> [Problem to work on]:
All records below must be written out exactly, with the pictures excluded.

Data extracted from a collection
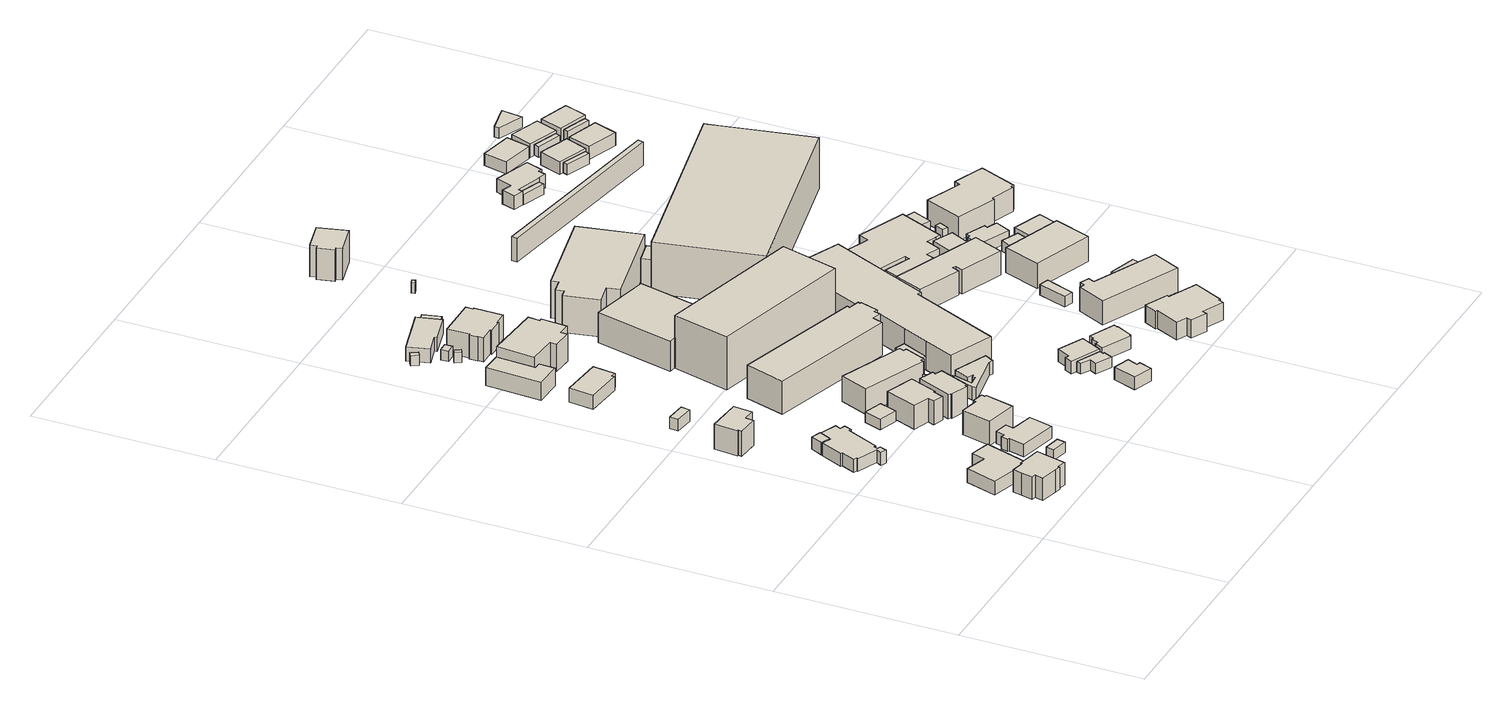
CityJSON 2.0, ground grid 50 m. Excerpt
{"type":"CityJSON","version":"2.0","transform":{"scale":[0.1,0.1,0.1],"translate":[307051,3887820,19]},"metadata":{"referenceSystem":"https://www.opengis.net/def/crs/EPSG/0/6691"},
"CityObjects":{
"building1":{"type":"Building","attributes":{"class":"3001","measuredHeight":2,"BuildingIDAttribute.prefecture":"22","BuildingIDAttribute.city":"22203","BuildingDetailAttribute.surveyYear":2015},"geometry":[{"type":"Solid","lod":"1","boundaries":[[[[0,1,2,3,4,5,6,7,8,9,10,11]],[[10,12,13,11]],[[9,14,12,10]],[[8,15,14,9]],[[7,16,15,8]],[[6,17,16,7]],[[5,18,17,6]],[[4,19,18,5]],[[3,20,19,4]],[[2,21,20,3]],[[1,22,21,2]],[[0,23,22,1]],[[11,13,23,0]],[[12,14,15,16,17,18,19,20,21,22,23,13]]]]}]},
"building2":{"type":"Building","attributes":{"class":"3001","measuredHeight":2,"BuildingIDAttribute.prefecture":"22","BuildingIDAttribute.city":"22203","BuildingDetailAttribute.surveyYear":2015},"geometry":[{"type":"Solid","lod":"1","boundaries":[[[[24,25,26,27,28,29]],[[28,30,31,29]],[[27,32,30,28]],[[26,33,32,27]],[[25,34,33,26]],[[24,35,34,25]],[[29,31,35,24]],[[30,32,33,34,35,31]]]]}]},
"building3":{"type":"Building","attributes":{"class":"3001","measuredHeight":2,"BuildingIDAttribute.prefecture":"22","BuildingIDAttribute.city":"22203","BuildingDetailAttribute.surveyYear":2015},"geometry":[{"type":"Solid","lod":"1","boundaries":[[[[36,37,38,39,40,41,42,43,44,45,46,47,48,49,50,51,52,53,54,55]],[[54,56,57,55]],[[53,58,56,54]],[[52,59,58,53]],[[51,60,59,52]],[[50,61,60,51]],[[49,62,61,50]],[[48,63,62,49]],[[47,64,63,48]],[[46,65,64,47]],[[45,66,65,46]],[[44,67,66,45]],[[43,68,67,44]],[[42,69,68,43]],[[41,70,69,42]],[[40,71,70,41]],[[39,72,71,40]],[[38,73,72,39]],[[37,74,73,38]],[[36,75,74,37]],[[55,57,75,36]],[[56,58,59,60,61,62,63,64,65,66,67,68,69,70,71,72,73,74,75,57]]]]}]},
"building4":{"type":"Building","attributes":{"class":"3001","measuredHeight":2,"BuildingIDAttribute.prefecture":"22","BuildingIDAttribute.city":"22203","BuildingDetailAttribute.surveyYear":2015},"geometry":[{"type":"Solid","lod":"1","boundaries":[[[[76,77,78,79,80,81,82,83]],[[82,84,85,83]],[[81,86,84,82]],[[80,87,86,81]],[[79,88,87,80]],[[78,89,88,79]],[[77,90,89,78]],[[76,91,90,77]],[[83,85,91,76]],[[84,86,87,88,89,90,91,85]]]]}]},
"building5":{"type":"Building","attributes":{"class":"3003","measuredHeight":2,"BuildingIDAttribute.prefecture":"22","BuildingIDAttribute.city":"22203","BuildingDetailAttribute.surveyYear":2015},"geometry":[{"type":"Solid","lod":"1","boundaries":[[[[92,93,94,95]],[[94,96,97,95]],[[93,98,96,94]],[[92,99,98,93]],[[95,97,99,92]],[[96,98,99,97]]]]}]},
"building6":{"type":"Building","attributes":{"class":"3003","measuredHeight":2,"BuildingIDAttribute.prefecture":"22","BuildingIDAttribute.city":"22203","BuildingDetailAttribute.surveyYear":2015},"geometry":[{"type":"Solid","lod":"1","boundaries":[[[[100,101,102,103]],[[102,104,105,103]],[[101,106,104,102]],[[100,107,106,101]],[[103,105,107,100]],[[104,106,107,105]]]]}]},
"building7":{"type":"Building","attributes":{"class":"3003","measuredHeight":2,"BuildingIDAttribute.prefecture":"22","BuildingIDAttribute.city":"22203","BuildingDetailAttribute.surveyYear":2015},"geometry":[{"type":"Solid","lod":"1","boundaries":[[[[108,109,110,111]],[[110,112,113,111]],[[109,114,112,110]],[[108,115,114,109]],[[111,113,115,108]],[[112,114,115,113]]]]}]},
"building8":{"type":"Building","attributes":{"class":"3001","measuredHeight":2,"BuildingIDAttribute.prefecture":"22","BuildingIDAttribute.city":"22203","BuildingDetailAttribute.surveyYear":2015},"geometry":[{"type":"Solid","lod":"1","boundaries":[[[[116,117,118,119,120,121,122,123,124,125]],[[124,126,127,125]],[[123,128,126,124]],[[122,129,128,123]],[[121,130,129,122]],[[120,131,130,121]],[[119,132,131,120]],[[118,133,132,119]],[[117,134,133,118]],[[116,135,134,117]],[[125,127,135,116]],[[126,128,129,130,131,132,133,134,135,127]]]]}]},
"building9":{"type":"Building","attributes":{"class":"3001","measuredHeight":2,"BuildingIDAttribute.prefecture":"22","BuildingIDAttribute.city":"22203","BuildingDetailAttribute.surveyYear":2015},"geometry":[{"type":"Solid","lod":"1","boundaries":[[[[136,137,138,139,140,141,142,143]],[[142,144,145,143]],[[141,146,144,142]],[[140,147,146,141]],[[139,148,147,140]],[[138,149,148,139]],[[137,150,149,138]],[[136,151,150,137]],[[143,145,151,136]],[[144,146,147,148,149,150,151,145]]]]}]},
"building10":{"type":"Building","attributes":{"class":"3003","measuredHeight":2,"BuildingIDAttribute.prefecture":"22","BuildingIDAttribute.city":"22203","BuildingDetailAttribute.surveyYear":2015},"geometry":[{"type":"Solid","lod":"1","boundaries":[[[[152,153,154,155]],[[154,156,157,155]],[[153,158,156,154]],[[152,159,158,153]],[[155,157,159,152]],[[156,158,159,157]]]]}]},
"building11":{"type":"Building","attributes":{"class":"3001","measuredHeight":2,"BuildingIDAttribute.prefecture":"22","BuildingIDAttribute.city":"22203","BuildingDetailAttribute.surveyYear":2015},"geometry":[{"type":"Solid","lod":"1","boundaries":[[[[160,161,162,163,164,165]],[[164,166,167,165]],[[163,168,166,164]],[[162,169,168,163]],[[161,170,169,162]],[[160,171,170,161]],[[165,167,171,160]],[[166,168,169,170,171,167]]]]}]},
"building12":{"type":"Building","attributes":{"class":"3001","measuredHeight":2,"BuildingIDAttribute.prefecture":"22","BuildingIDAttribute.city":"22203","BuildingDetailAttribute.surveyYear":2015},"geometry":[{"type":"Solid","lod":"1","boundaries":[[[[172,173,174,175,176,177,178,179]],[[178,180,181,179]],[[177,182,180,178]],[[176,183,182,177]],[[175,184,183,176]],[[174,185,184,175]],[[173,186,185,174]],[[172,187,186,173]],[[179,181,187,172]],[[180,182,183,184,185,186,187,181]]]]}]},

> [Answer to this problem]:
CityJSON 2.0, ground grid 50 m. Excerpt
{"type":"CityJSON","version":"2.0","transform":{"scale":[0.1,0.1,0.1],"translate":[307051,3887820,19]},"metadata":{"referenceSystem":"https://www.opengis.net/def/crs/EPSG/0/6691"},
"CityObjects":{
"building1":{"type":"Building","attributes":{"class":"3001","measuredHeight":2,"BuildingIDAttribute.prefecture":"22","BuildingIDAttribute.city":"22203","BuildingDetailAttribute.surveyYear":2015},"geometry":[{"type":"Solid","lod":"1","boundaries":[[[[0,1,2,3,4,5,6,7,8,9,10,11]],[[10,12,13,11]],[[9,14,12,10]],[[8,15,14,9]],[[7,16,15,8]],[[6,17,16,7]],[[5,18,17,6]],[[4,19,18,5]],[[3,20,19,4]],[[2,21,20,3]],[[1,22,21,2]],[[0,23,22,1]],[[11,13,23,0]],[[12,14,15,16,17,18,19,20,21,22,23,13]]]]}]},
"building2":{"type":"Building","attributes":{"class":"3001","measuredHeight":2,"BuildingIDAttribute.prefecture":"22","BuildingIDAttribute.city":"22203","BuildingDetailAttribute.surveyYear":2015},"geometry":[{"type":"Solid","lod":"1","boundaries":[[[[24,25,26,27,28,29]],[[28,30,31,29]],[[27,32,30,28]],[[26,33,32,27]],[[25,34,33,26]],[[24,35,34,25]],[[29,31,35,24]],[[30,32,33,34,35,31]]]]}]},
"building3":{"type":"Building","attributes":{"class":"3001","measuredHeight":2,"BuildingIDAttribute.prefecture":"22","BuildingIDAttribute.city":"22203","BuildingDetailAttribute.surveyYear":2015},"geometry":[{"type":"Solid","lod":"1","boundaries":[[[[36,37,38,39,40,41,42,43,44,45,46,47,48,49,50,51,52,53,54,55]],[[54,56,57,55]],[[53,58,56,54]],[[52,59,58,53]],[[51,60,59,52]],[[50,61,60,51]],[[49,62,61,50]],[[48,63,62,49]],[[47,64,63,48]],[[46,65,64,47]],[[45,66,65,46]],[[44,67,66,45]],[[43,68,67,44]],[[42,69,68,43]],[[41,70,69,42]],[[40,71,70,41]],[[39,72,71,40]],[[38,73,72,39]],[[37,74,73,38]],[[36,75,74,37]],[[55,57,75,36]],[[56,58,59,60,61,62,63,64,65,66,67,68,69,70,71,72,73,74,75,57]]]]}]},
"building4":{"type":"Building","attributes":{"class":"3001","measuredHeight":2,"BuildingIDAttribute.prefecture":"22","BuildingIDAttribute.city":"22203","BuildingDetailAttribute.surveyYear":2015},"geometry":[{"type":"Solid","lod":"1","boundaries":[[[[76,77,78,79,80,81,82,83]],[[82,84,85,83]],[[81,86,84,82]],[[80,87,86,81]],[[79,88,87,80]],[[78,89,88,79]],[[77,90,89,78]],[[76,91,90,77]],[[83,85,91,76]],[[84,86,87,88,89,90,91,85]]]]}]},
"building5":{"type":"Building","attributes":{"class":"3003","measuredHeight":2,"BuildingIDAttribute.prefecture":"22","BuildingIDAttribute.city":"22203","BuildingDetailAttribute.surveyYear":2015},"geometry":[{"type":"Solid","lod":"1","boundaries":[[[[92,93,94,95]],[[94,96,97,95]],[[93,98,96,94]],[[92,99,98,93]],[[95,97,99,92]],[[96,98,99,97]]]]}]},
"building6":{"type":"Building","attributes":{"class":"3003","measuredHeight":2,"BuildingIDAttribute.prefecture":"22","BuildingIDAttribute.city":"22203","BuildingDetailAttribute.surveyYear":2015},"geometry":[{"type":"Solid","lod":"1","boundaries":[[[[100,101,102,103]],[[102,104,105,103]],[[101,106,104,102]],[[100,107,106,101]],[[103,105,107,100]],[[104,106,107,105]]]]}]},
"building7":{"type":"Building","attributes":{"class":"3003","measuredHeight":2,"BuildingIDAttribute.prefecture":"22","BuildingIDAttribute.city":"22203","BuildingDetailAttribute.surveyYear":2015},"geometry":[{"type":"Solid","lod":"1","boundaries":[[[[108,109,110,111]],[[110,112,113,111]],[[109,114,112,110]],[[108,115,114,109]],[[111,113,115,108]],[[112,114,115,113]]]]}]},
"building8":{"type":"Building","attributes":{"class":"3001","measuredHeight":2,"BuildingIDAttribute.prefecture":"22","BuildingIDAttribute.city":"22203","BuildingDetailAttribute.surveyYear":2015},"geometry":[{"type":"Solid","lod":"1","boundaries":[[[[116,117,118,119,120,121,122,123,124,125]],[[124,126,127,125]],[[123,128,126,124]],[[122,129,128,123]],[[121,130,129,122]],[[120,131,130,121]],[[119,132,131,120]],[[118,133,132,119]],[[117,134,133,118]],[[116,135,134,117]],[[125,127,135,116]],[[126,128,129,130,131,132,133,134,135,127]]]]}]},
"building9":{"type":"Building","attributes":{"class":"3001","measuredHeight":2,"BuildingIDAttribute.prefecture":"22","BuildingIDAttribute.city":"22203","BuildingDetailAttribute.surveyYear":2015},"geometry":[{"type":"Solid","lod":"1","boundaries":[[[[136,137,138,139,140,141,142,143]],[[142,144,145,143]],[[141,146,144,142]],[[140,147,146,141]],[[139,148,147,140]],[[138,149,148,139]],[[137,150,149,138]],[[136,151,150,137]],[[143,145,151,136]],[[144,146,147,148,149,150,151,145]]]]}]},
"building10":{"type":"Building","attributes":{"class":"3003","measuredHeight":2,"BuildingIDAttribute.prefecture":"22","BuildingIDAttribute.city":"22203","BuildingDetailAttribute.surveyYear":2015},"geometry":[{"type":"Solid","lod":"1","boundaries":[[[[152,153,154,155]],[[154,156,157,155]],[[153,158,156,154]],[[152,159,158,153]],[[155,157,159,152]],[[156,158,159,157]]]]}]},
"building11":{"type":"Building","attributes":{"class":"3001","measuredHeight":2,"BuildingIDAttribute.prefecture":"22","BuildingIDAttribute.city":"22203","BuildingDetailAttribute.surveyYear":2015},"geometry":[{"type":"Solid","lod":"1","boundaries":[[[[160,161,162,163,164,165]],[[164,166,167,165]],[[163,168,166,164]],[[162,169,168,163]],[[161,170,169,162]],[[160,171,170,161]],[[165,167,171,160]],[[166,168,169,170,171,167]]]]}]},
"building12":{"type":"Building","attributes":{"class":"3001","measuredHeight":2,"BuildingIDAttribute.prefecture":"22","BuildingIDAttribute.city":"22203","BuildingDetailAttribute.surveyYear":2015},"geometry":[{"type":"Solid","lod":"1","boundaries":[[[[172,173,174,175,176,177,178,179]],[[178,180,181,179]],[[177,182,180,178]],[[176,183,182,177]],[[175,184,183,176]],[[174,185,184,175]],[[173,186,185,174]],[[172,187,186,173]],[[179,181,187,172]],[[180,182,183,184,185,186,187,181]]]]}]},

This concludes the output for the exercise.